◆ Data under study
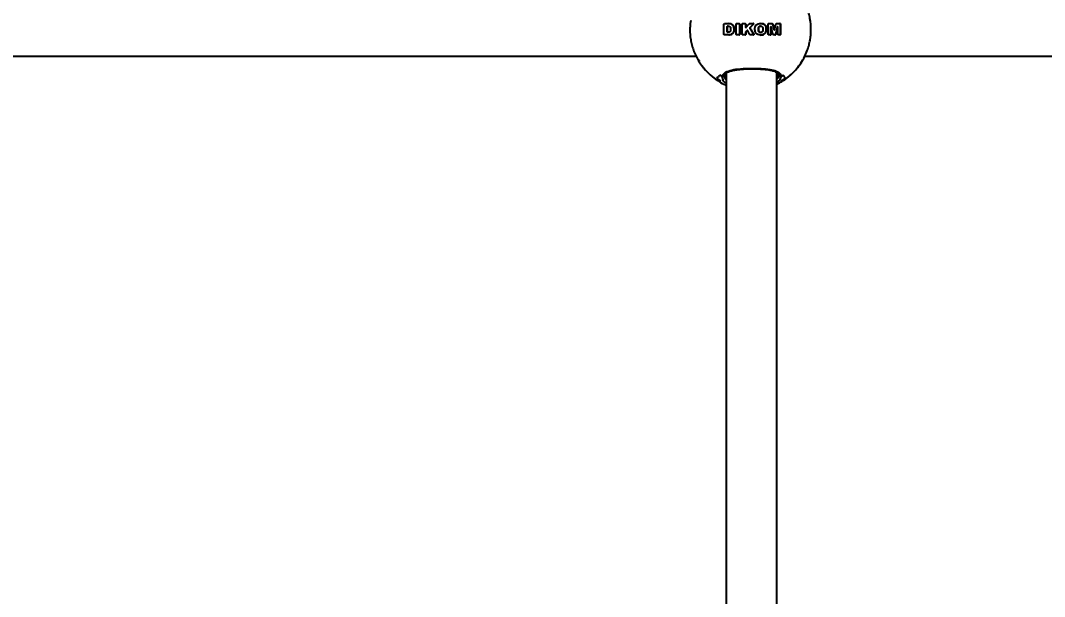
# Model space of a CAD drawing. Header units: millimetres. Extents: x -3650 to 2858, y -2899 to 2376.
# Drawn here: x -625.3 to -303.7, y 248.1 to 428.9 of the extents above; entities that cross this region are included whole.
import ezdxf

# ---------------------------------------------------------------- set-up
doc = ezdxf.new("R2010")
doc.units = ezdxf.units.MM
doc.layers.add('DIKOM_ОБЪЕКТ', color=7, linetype='Continuous')
doc.layers.add('DIKOM_РАЗМЕР_ЗОНА', color=7, linetype='Continuous')
doc.styles.add('style1', font='arial.ttf', dxfattribs={"width": 0.8})
doc.dimstyles.new('1-50', dxfattribs={"dimtxt": 300, "dimasz": 200, "dimexe": 100, "dimexo": 0, "dimgap": 100, "dimtad": 1, "dimdec": 0, "dimtxsty": 'style1', "dimcen": 0, "dimclrd": 7, "dimclre": 7, "dimadec": 1, "dimazin": 2, "dimtfac": 1, "dimtdec": 0, "dimtmove": 0, "dimatfit": 3, "dimfxl": 0, "dimlwd": 25, "dimlwe": 18, "dimarcsym": 0})

# ---------------------------------------------------------------- blocks, each defined once
blk = doc.blocks.new('*D1')
at = {"layer": 'Defpoints', "color": 0, "transparency": 16777216}
for p in [(-3199.48, 2375.76), (417.74, 2375.76), (57.96, -2124.24)]:
    blk.add_point(p, dxfattribs=at)
at = {"layer": 'DIKOM_РАЗМЕР_ЗОНА', "color": 7, "lineweight": 18, "transparency": 16777216}
for p, q in [((417.74, 2375.76), (-3299.48, 2375.76)), ((57.96, -2124.24), (-3299.48, -2124.24))]:
    blk.add_line(p, q, dxfattribs=at)
at = {"layer": 'DIKOM_РАЗМЕР_ЗОНА', "color": 7, "lineweight": 25, "transparency": 16777216}
blk.add_line((-3199.48, -1924.24), (-3199.48, 2175.76), dxfattribs=at)
at = {"layer": 'DIKOM_РАЗМЕР_ЗОНА', "color": 7, "transparency": 16777216}
for points in [[(-3232.81, 2175.76), (-3166.14, 2175.76), (-3199.48, 2375.76)], [(-3232.81, -1924.24), (-3166.14, -1924.24), (-3199.48, -2124.24)]]:
    blk.add_solid(points, dxfattribs=at)
at = {"layer": 'DIKOM_РАЗМЕР_ЗОНА', "color": 0, "transparency": 16777216, "insert": (-3452.65, 125.76), "char_height": 300, "attachment_point": 5, "rotation": 90, "style": 'style1'}
blk.add_mtext('4500', dxfattribs=at)

msp = doc.modelspace()

# ---------------------------------------------------------------- linework, layer by layer
at = {"layer": 'DIKOM_ОБЪЕКТ'}
for p, q in [((-404.41, 427.78), (-404.31, 427.89)), ((-404.31, 427.89), (-404.2, 427.93)), ((-404.2, 427.93), (-404.11, 427.93)), ((-404.11, 427.93), (-402.77, 427.93)), ((-402.77, 427.93), (-402.06, 427.83)), ((-402.06, 427.83), (-402.77, 427.93)), ((-402.06, 427.83), (-401.91, 427.77)), ((-401.91, 427.77), (-402.06, 427.83)), ((-402.06, 427.83), (-402.06, 427.83)), ((-401.91, 427.77), (-401.39, 427.31)), ((-401.4, 427.31), (-401.91, 427.77)), ((-401.91, 427.77), (-401.91, 427.77)), ((-400.29, 427.93), (-399.59, 427.93)), ((-398.39, 427.93), (-397.7, 427.93)), ((-397.36, 426.76), (-396.48, 427.78)), ((-396.15, 427.93), (-395.11, 427.93)), ((-396.06, 426.75), (-395.05, 427.79)), ((-395.05, 427.79), (-396.05, 426.75)), ((-395.05, 427.79), (-395.05, 427.79)), ((-392.14, 427.91), (-392.81, 427.95)), ((-392.14, 427.91), (-392.14, 427.91)), ((-390.24, 427.93), (-389.23, 427.93)), ((-388.54, 425.98), (-388.99, 427.74)), ((-388.98, 427.74), (-388.53, 425.98)), ((-388.44, 425.98), (-388, 427.74)), ((-387.75, 427.93), (-386.75, 427.93)), ((-404.41, 424.61), (-404.41, 427.73)), ((-404.4, 424.56), (-404.41, 424.61)), ((-403.3, 426.94), (-403.3, 425.41)), ((-403.3, 425.41), (-403.3, 426.94)), ((-403.3, 426.94), (-403.3, 426.94)), ((-403.3, 425.41), (-403.3, 425.41)), ((-403.07, 425.21), (-403.07, 425.21)), ((-403.06, 427.14), (-403.06, 427.14)), ((-403.05, 427.14), (-402.87, 427.13)), ((-402.67, 425.24), (-403.05, 425.21)), ((-403.04, 427.14), (-403.04, 427.14)), ((-403.04, 425.21), (-403.04, 425.21)), ((-402.46, 426.98), (-402.37, 426.87)), ((-401.2, 426.87), (-401.4, 427.31)), ((-401.4, 427.31), (-401.39, 427.31)), ((-401.39, 427.31), (-401.2, 426.87)), ((-401.25, 425.31), (-401.12, 425.89)), ((-401.25, 425.31), (-401.24, 425.31)), ((-401.12, 425.89), (-401.24, 425.31)), ((-401.2, 426.87), (-401.12, 425.89)), ((-401.12, 425.89), (-401.2, 426.87)), ((-401.2, 426.87), (-401.2, 426.87)), ((-401.12, 425.89), (-401.12, 425.89)), ((-400.49, 424.61), (-400.49, 427.73)), ((-399.39, 427.73), (-399.39, 424.61)), ((-399.39, 424.61), (-399.39, 427.73)), ((-399.39, 427.73), (-399.39, 427.73)), ((-399.39, 424.61), (-399.39, 424.61)), ((-398.59, 424.61), (-398.59, 427.74)), ((-397.5, 427.73), (-397.5, 426.8)), ((-397.5, 426.8), (-397.5, 427.73)), ((-397.5, 427.73), (-397.5, 427.73)), ((-397.5, 426.8), (-397.5, 426.8)), ((-397.5, 425.07), (-397.5, 424.61)), ((-397.5, 424.61), (-397.5, 425.07)), ((-397.5, 425.07), (-397.5, 425.07)), ((-397.5, 424.61), (-397.5, 424.61)), ((-397.43, 426.73), (-397.42, 426.73)), ((-397.07, 425.71), (-397.36, 425.41)), ((-397.36, 425.41), (-397.07, 425.71)), ((-397.36, 425.41), (-397.36, 425.41)), ((-397.07, 425.71), (-397.07, 425.71)), ((-396.97, 425.76), (-396.97, 425.76)), ((-396.28, 424.59), (-396.84, 425.68)), ((-396.09, 426.44), (-396.09, 426.44)), ((-396.06, 426.75), (-396.05, 426.75)), ((-394.96, 424.58), (-394.96, 424.58)), ((-393.52, 426.53), (-393.52, 425.81)), ((-393.52, 426.53), (-393.52, 426.53)), ((-393.52, 425.81), (-393.52, 426.53)), ((-393.52, 425.81), (-393.4, 425.46)), ((-393.52, 425.81), (-393.52, 425.81)), ((-393.39, 425.46), (-393.52, 425.81)), ((-393.4, 425.46), (-393.39, 425.46)), ((-393.35, 426.94), (-393.35, 426.94)), ((-393.08, 427.13), (-393.08, 427.13)), ((-392.84, 425.16), (-392.83, 425.16)), ((-392.82, 427.18), (-392.82, 427.18)), ((-392.11, 425.81), (-392.23, 425.45)), ((-392.1, 426.45), (-392.11, 425.81)), ((-391.13, 425.4), (-391.12, 425.4)), ((-391.1, 426.87), (-391.1, 426.87)), ((-390.44, 424.61), (-390.44, 427.73)), ((-389.57, 424.61), (-389.57, 426.9)), ((-389.57, 426.9), (-389.56, 426.9)), ((-389.57, 424.61), (-389.56, 424.61)), ((-389.56, 426.9), (-389.56, 424.61)), ((-389.54, 426.92), (-389.54, 426.92)), ((-388.94, 424.61), (-389.51, 426.9)), ((-388.54, 425.98), (-388.53, 425.98)), ((-388.49, 425.95), (-388.49, 425.95)), ((-387.47, 426.9), (-388.05, 424.61)), ((-388.05, 424.61), (-387.47, 426.9)), ((-388.05, 424.61), (-388.05, 424.61)), ((-387.47, 426.9), (-387.47, 426.9)), ((-387.44, 426.92), (-387.45, 426.92)), ((-387.42, 424.61), (-387.42, 426.9)), ((-386.56, 424.61), (-386.56, 427.73)), ((-386.56, 427.73), (-386.55, 427.73)), ((-386.56, 424.61), (-386.55, 424.61)), ((-386.55, 427.73), (-386.55, 424.61)), ((-404.19, 424.42), (-404.32, 424.47)), ((-404.11, 424.41), (-404.19, 424.42)), ((-402.76, 424.41), (-404.11, 424.41)), ((-402.63, 424.42), (-402.76, 424.41)), ((-402.75, 424.41), (-402.63, 424.42)), ((-402.1, 424.51), (-402.63, 424.42)), ((-402.63, 424.42), (-402.11, 424.51)), ((-402.63, 424.42), (-402.63, 424.42)), ((-402.11, 424.51), (-402.1, 424.51)), ((-399.59, 424.41), (-400.29, 424.41)), ((-397.7, 424.41), (-398.39, 424.41)), ((-395.05, 424.41), (-395.99, 424.41)), ((-392.8, 424.35), (-392.13, 424.44)), ((-392.13, 424.44), (-392.13, 424.44)), ((-389.76, 424.41), (-390.24, 424.41)), ((-388.29, 424.41), (-388.69, 424.41)), ((-386.75, 424.41), (-387.23, 424.41)), ((-678.92, 417.76), (-413.11, 417.76)), ((-412.23, 416.52), (-412.15, 416.26)), ((-412.04, 415.93), (-411.99, 415.77)), ((-378.92, 417.76), (-113.11, 417.76)), ((-403.67, 412.34), (-403.67, 139.7)), ((-387.67, 139.51), (-387.67, 412.53)), ((-387.2, 411.73), (-387.17, 411.82)), ((-404.61, 410.25), (-404.89, 411.34)), ((-404.09, 411.56), (-404.07, 411.48)), ((-386.41, 411.34), (-386.73, 410.53)), ((-385.84, 410.01), (-386.35, 409.94)), ((-385.76, 410.3), (-385.76, 410.02))]:
    msp.add_line(p, q, dxfattribs=at)
for centre, radius, start, end in [((-395.99, 426.01), 18.99, 212.6297, 237.3346), ((-396.01, 426.01), 18.99, 302.6645, 327.3711), ((-395.7, 425.93), 17.24, 234.9385, 237.7832), ((-395.62, 425.96), 17.27, 302.2198, 305.0585), ((-395.83, 426.02), 18.67, 234.3734, 239.4081), ((-395.85, 426.02), 18.67, 300.5919, 305.6266)]:
    msp.add_arc(centre, radius, start, end, dxfattribs=at)
for points, knots in [([(-376.99, 426.02), (-377.02, 426.85), (-377.07, 428.01), (-377.34, 429.72), (-377.68, 431.18), (-378.24, 432.88), (-379.01, 434.61), (-380, 436.34), (-381.21, 438.02), (-382.65, 439.6), (-384.19, 440.97), (-385.31, 441.71), (-385.83, 442.04)], [0, 0, 0, 0, 0.129772, 0.183154, 0.271804, 0.364324, 0.464038, 0.568646, 0.677255, 0.789169, 0.9039, 1, 1, 1, 1]), ([(-414.73, 428.9), (-414.8, 428.58), (-414.99, 427.69), (-415.02, 425.7), (-414.97, 423.92), (-414.75, 422.99), (-414.73, 422.89)], [0, 0, 0, 0, 0.17298, 0.481717, 0.944279, 1, 1, 1, 1]), ([(-404.41, 427.73), (-404.41, 427.74), (-404.41, 427.76), (-404.41, 427.78), (-404.41, 427.78)], [0, 0, 0, 0, 0.539262, 1, 1, 1, 1]), ([(-400.49, 427.73), (-400.49, 427.76), (-400.48, 427.8), (-400.45, 427.86), (-400.4, 427.9), (-400.34, 427.93), (-400.3, 427.93), (-400.29, 427.93)], [0, 0, 0, 0, 0.210779, 0.421568, 0.633276, 0.854079, 1, 1, 1, 1]), ([(-399.39, 427.73), (-399.4, 427.76), (-399.4, 427.8), (-399.44, 427.86), (-399.5, 427.91), (-399.55, 427.93), (-399.59, 427.93), (-399.6, 427.93)], [0, 0, 0, 0, 0.21964, 0.43883, 0.666547, 0.904071, 1, 1, 1, 1]), ([(-399.59, 427.93), (-399.57, 427.93), (-399.52, 427.92), (-399.45, 427.88), (-399.41, 427.82), (-399.39, 427.77), (-399.39, 427.74), (-399.39, 427.73)], [0, 0, 0, 0, 0.240873, 0.481833, 0.721936, 0.953804, 1, 1, 1, 1]), ([(-398.59, 427.74), (-398.59, 427.76), (-398.59, 427.8), (-398.55, 427.86), (-398.51, 427.9), (-398.45, 427.93), (-398.41, 427.93), (-398.39, 427.93)], [0, 0, 0, 0, 0.207862, 0.415928, 0.622542, 0.831295, 1, 1, 1, 1]), ([(-397.7, 427.93), (-397.68, 427.93), (-397.63, 427.92), (-397.57, 427.89), (-397.52, 427.83), (-397.5, 427.78), (-397.5, 427.74), (-397.5, 427.73)], [0, 0, 0, 0, 0.228841, 0.457649, 0.687824, 0.916882, 1, 1, 1, 1]), ([(-397.5, 427.73), (-397.51, 427.76), (-397.51, 427.8), (-397.55, 427.87), (-397.61, 427.91), (-397.66, 427.93), (-397.69, 427.93), (-397.7, 427.93)], [0, 0, 0, 0, 0.224377, 0.448545, 0.676077, 0.906257, 1, 1, 1, 1]), ([(-396.48, 427.78), (-396.44, 427.82), (-396.36, 427.89), (-396.24, 427.93), (-396.17, 427.93), (-396.15, 427.93)], [0, 0, 0, 0, 0.427552, 0.855209, 1, 1, 1, 1]), ([(-395.11, 427.93), (-395.1, 427.93), (-395.08, 427.93), (-395.06, 427.91), (-395.04, 427.89), (-395.03, 427.86), (-395.03, 427.84), (-395.03, 427.81), (-395.04, 427.8), (-395.05, 427.79)], [0, 0, 0, 0, 0.146757, 0.29385, 0.44112, 0.590332, 0.739886, 0.88992, 1, 1, 1, 1]), ([(-395.05, 427.79), (-395.05, 427.8), (-395.03, 427.81), (-395.03, 427.84), (-395.03, 427.87), (-395.04, 427.9), (-395.07, 427.92), (-395.09, 427.93), (-395.11, 427.93), (-395.11, 427.93)], [0, 0, 0, 0, 0.149735, 0.298744, 0.449194, 0.598837, 0.748285, 0.896886, 1, 1, 1, 1]), ([(-394.54, 426.85), (-394.48, 427.02), (-394.35, 427.34), (-394, 427.69), (-393.72, 427.82), (-393.58, 427.88)], [0, 0, 0, 0, 0.356965, 0.695181, 1, 1, 1, 1]), ([(-393.58, 427.88), (-393.27, 427.94), (-392.78, 428.03), (-392.31, 427.94), (-392.14, 427.91)], [0, 0, 0, 0, 0.646361, 1, 1, 1, 1]), ([(-392.14, 427.91), (-391.98, 427.84), (-391.66, 427.72), (-391.29, 427.34), (-391.16, 427.03), (-391.1, 426.87)], [0, 0, 0, 0, 0.338135, 0.676392, 1, 1, 1, 1]), ([(-391.1, 426.87), (-391.16, 427.03), (-391.29, 427.35), (-391.67, 427.72), (-391.98, 427.84), (-392.14, 427.91)], [0, 0, 0, 0, 0.330548, 0.660919, 1, 1, 1, 1]), ([(-390.44, 427.73), (-390.44, 427.76), (-390.44, 427.8), (-390.41, 427.85), (-390.37, 427.9), (-390.31, 427.93), (-390.27, 427.93), (-390.24, 427.93)], [0, 0, 0, 0, 0.191214, 0.381626, 0.580601, 0.791015, 1, 1, 1, 1]), ([(-389.23, 427.93), (-389.2, 427.93), (-389.14, 427.92), (-389.06, 427.87), (-389, 427.81), (-388.99, 427.76), (-388.98, 427.74)], [0, 0, 0, 0, 0.285038, 0.570439, 0.836465, 1, 1, 1, 1]), ([(-388, 427.74), (-387.98, 427.77), (-387.95, 427.83), (-387.88, 427.9), (-387.81, 427.93), (-387.76, 427.93), (-387.75, 427.93)], [0, 0, 0, 0, 0.289927, 0.578606, 0.898338, 1, 1, 1, 1]), ([(-386.56, 427.73), (-386.56, 427.75), (-386.57, 427.79), (-386.6, 427.85), (-386.64, 427.89), (-386.69, 427.92), (-386.73, 427.93), (-386.76, 427.93)], [0, 0, 0, 0, 0.180159, 0.360108, 0.545111, 0.7544, 1, 1, 1, 1]), ([(-386.75, 427.93), (-386.72, 427.93), (-386.67, 427.92), (-386.61, 427.87), (-386.57, 427.81), (-386.56, 427.76), (-386.56, 427.74), (-386.55, 427.73)], [0, 0, 0, 0, 0.32222, 0.54744, 0.773797, 0.968923, 1, 1, 1, 1]), ([(-404.32, 424.47), (-404.34, 424.48), (-404.37, 424.51), (-404.39, 424.55), (-404.4, 424.56)], [0, 0, 0, 0, 0.555605, 1, 1, 1, 1]), ([(-403.05, 427.14), (-403.09, 427.13), (-403.16, 427.13), (-403.23, 427.08), (-403.28, 427.01), (-403.3, 426.96), (-403.3, 426.94)], [0, 0, 0, 0, 0.323724, 0.603238, 0.807326, 1, 1, 1, 1]), ([(-403.3, 426.94), (-403.29, 426.96), (-403.28, 427.01), (-403.24, 427.07), (-403.18, 427.11), (-403.11, 427.14), (-403.07, 427.14), (-403.05, 427.14)], [0, 0, 0, 0, 0.193575, 0.386666, 0.591822, 0.825235, 1, 1, 1, 1]), ([(-403.3, 425.41), (-403.3, 425.39), (-403.29, 425.34), (-403.25, 425.28), (-403.19, 425.24), (-403.13, 425.21), (-403.09, 425.21), (-403.07, 425.21)], [0, 0, 0, 0, 0.194855, 0.389477, 0.596351, 0.83203, 1, 1, 1, 1]), ([(-403.05, 425.21), (-403.08, 425.21), (-403.15, 425.22), (-403.23, 425.27), (-403.28, 425.33), (-403.29, 425.38), (-403.3, 425.41), (-403.3, 425.41)], [0, 0, 0, 0, 0.309821, 0.579066, 0.779634, 0.961003, 1, 1, 1, 1]), ([(-402.87, 427.13), (-402.77, 427.11), (-402.62, 427.08), (-402.5, 427), (-402.46, 426.98)], [0, 0, 0, 0, 0.709287, 1, 1, 1, 1]), ([(-402.38, 425.43), (-402.43, 425.37), (-402.52, 425.29), (-402.63, 425.25), (-402.67, 425.24)], [0, 0, 0, 0, 0.617493, 1, 1, 1, 1]), ([(-402.27, 425.66), (-402.29, 425.6), (-402.31, 425.52), (-402.36, 425.45), (-402.38, 425.43)], [0, 0, 0, 0, 0.688495, 1, 1, 1, 1]), ([(-402.37, 426.87), (-402.33, 426.8), (-402.28, 426.71), (-402.26, 426.61), (-402.26, 426.59)], [0, 0, 0, 0, 0.786316, 1, 1, 1, 1]), ([(-402.26, 426.59), (-402.24, 426.33), (-402.21, 426.02), (-402.26, 425.71), (-402.27, 425.66)], [0, 0, 0, 0, 0.827854, 1, 1, 1, 1]), ([(-402.11, 424.51), (-401.93, 424.6), (-401.58, 424.78), (-401.36, 425.13), (-401.25, 425.31)], [0, 0, 0, 0, 0.489719, 1, 1, 1, 1]), ([(-401.24, 425.31), (-401.34, 425.15), (-401.53, 424.84), (-401.87, 424.61), (-402.06, 424.53), (-402.1, 424.51)], [0, 0, 0, 0, 0.445494, 0.889279, 1, 1, 1, 1]), ([(-400.29, 424.41), (-400.31, 424.42), (-400.36, 424.42), (-400.42, 424.45), (-400.46, 424.5), (-400.49, 424.56), (-400.49, 424.6), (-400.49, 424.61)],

◆ Goal of the exercise
Work through the entries above line by line, counting each one that includes the word "units", and give the final number only.

◆ Answer to the exercise
2